The total issued and fully paid-up shares of Eterna Plc are almost 2.2 billion after the listing of additional shares of the company on the Nigerian Exchange (NGX) Limited this week.

Precisely on Wednesday, an additional 882,064,158 ordinary shares of the organisation were listed on Customs Street, a regulatory notice confirmed.

These extra stocks were from the rights issue of the firm, issued to shareholders at N22.00 per unit on the basis of three new ordinary stocks for every existing four ordinary stocks held as at the close of business on Thursday, November 27, 2025.

Eterna wanted to sell a total of 978,108,485 units, but investors only picked 882,064,158, indicating a subscription rate of 90.18 per cent.
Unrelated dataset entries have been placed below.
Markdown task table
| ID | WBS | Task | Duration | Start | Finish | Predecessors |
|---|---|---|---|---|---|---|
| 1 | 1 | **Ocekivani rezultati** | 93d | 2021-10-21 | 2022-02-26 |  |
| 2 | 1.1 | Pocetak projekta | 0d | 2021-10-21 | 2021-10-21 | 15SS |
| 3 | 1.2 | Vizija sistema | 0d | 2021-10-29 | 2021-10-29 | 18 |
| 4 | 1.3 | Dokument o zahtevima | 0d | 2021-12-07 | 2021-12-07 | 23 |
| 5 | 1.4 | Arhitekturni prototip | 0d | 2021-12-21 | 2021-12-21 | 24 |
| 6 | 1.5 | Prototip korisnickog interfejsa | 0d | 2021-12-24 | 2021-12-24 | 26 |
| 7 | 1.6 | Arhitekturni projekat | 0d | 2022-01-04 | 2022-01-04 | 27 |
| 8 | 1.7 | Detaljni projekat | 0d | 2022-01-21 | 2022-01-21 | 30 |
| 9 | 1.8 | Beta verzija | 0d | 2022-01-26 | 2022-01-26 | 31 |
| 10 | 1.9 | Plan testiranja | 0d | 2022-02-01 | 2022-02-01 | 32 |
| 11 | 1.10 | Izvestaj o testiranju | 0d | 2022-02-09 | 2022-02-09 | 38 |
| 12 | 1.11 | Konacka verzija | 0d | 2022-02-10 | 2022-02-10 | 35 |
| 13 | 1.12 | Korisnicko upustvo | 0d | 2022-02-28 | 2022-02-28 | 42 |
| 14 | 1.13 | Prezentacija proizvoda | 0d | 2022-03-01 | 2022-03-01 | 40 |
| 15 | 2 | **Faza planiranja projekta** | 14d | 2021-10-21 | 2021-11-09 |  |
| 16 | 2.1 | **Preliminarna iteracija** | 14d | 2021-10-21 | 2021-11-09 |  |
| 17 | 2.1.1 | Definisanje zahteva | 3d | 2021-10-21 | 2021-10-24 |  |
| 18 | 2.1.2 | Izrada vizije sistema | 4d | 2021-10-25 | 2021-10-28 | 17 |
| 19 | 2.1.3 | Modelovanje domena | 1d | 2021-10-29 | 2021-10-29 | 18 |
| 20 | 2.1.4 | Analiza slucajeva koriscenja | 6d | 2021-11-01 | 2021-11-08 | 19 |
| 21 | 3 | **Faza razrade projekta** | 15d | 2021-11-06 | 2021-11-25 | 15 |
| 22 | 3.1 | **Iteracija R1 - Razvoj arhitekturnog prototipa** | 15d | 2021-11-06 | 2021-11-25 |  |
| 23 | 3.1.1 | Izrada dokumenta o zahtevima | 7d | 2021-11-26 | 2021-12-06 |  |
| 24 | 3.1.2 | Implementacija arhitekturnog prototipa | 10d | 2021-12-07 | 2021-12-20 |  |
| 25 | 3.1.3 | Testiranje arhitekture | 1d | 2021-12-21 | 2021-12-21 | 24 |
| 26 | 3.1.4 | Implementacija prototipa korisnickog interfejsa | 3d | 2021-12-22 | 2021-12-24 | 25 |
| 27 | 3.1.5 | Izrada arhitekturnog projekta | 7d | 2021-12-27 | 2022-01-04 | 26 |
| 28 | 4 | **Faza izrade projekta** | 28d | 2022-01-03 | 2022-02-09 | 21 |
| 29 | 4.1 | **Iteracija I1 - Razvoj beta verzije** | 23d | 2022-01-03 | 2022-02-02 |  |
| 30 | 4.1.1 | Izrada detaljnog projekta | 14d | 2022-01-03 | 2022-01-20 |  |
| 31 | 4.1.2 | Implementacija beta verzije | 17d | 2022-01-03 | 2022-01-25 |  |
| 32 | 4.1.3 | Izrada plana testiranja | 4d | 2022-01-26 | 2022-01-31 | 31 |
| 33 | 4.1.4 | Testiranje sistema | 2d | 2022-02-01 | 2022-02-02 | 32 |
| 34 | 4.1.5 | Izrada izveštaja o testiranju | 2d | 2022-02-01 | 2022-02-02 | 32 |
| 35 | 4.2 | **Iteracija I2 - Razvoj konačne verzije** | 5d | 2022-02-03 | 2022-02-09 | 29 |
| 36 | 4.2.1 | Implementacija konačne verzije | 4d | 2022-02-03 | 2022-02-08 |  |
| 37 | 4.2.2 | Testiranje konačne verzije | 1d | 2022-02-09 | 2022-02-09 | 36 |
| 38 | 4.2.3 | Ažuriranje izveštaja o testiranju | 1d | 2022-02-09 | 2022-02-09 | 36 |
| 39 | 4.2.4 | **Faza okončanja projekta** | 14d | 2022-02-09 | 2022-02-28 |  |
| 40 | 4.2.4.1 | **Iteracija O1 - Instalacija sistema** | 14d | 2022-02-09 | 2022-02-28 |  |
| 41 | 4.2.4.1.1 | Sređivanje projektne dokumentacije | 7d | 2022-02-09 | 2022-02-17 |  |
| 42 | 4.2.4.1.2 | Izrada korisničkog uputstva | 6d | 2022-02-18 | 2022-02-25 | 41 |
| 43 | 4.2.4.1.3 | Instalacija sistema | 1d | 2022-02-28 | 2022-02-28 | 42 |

At midweek, the new equities were brought to the stock exchange for listing, increasing the total issued and fully paid-up shares of the company from 1,304,144,647 units to 2,186,208,805 units.

“Trading licence holders are hereby notified that an additional 882,064,158 ordinary shares of 50 Kobo each of Eterna Plc were on Wednesday, May 20, 2026, listed on the daily official list of NGX.

“The additional shares arose from the company’s rights issue of 978,108,485 ordinary shares of 50 Kobo each at N22.00 per share on the basis of three new ordinary shares for every existing four ordinary shares held as at the close of business on Thursday, November 27, 2025.

“With the listing of the additional 882,064,158 ordinary shares, the total issued and fully paid-up shares of Eterna Plc have now increased from 1,304,144,647 to 2,186,208,805 ordinary shares of 50 Kobo each,” the notice signed by the Head of Issuer Regulation Department at NGX RegCo Limited, Mr Godstime Iwenekhai, stated.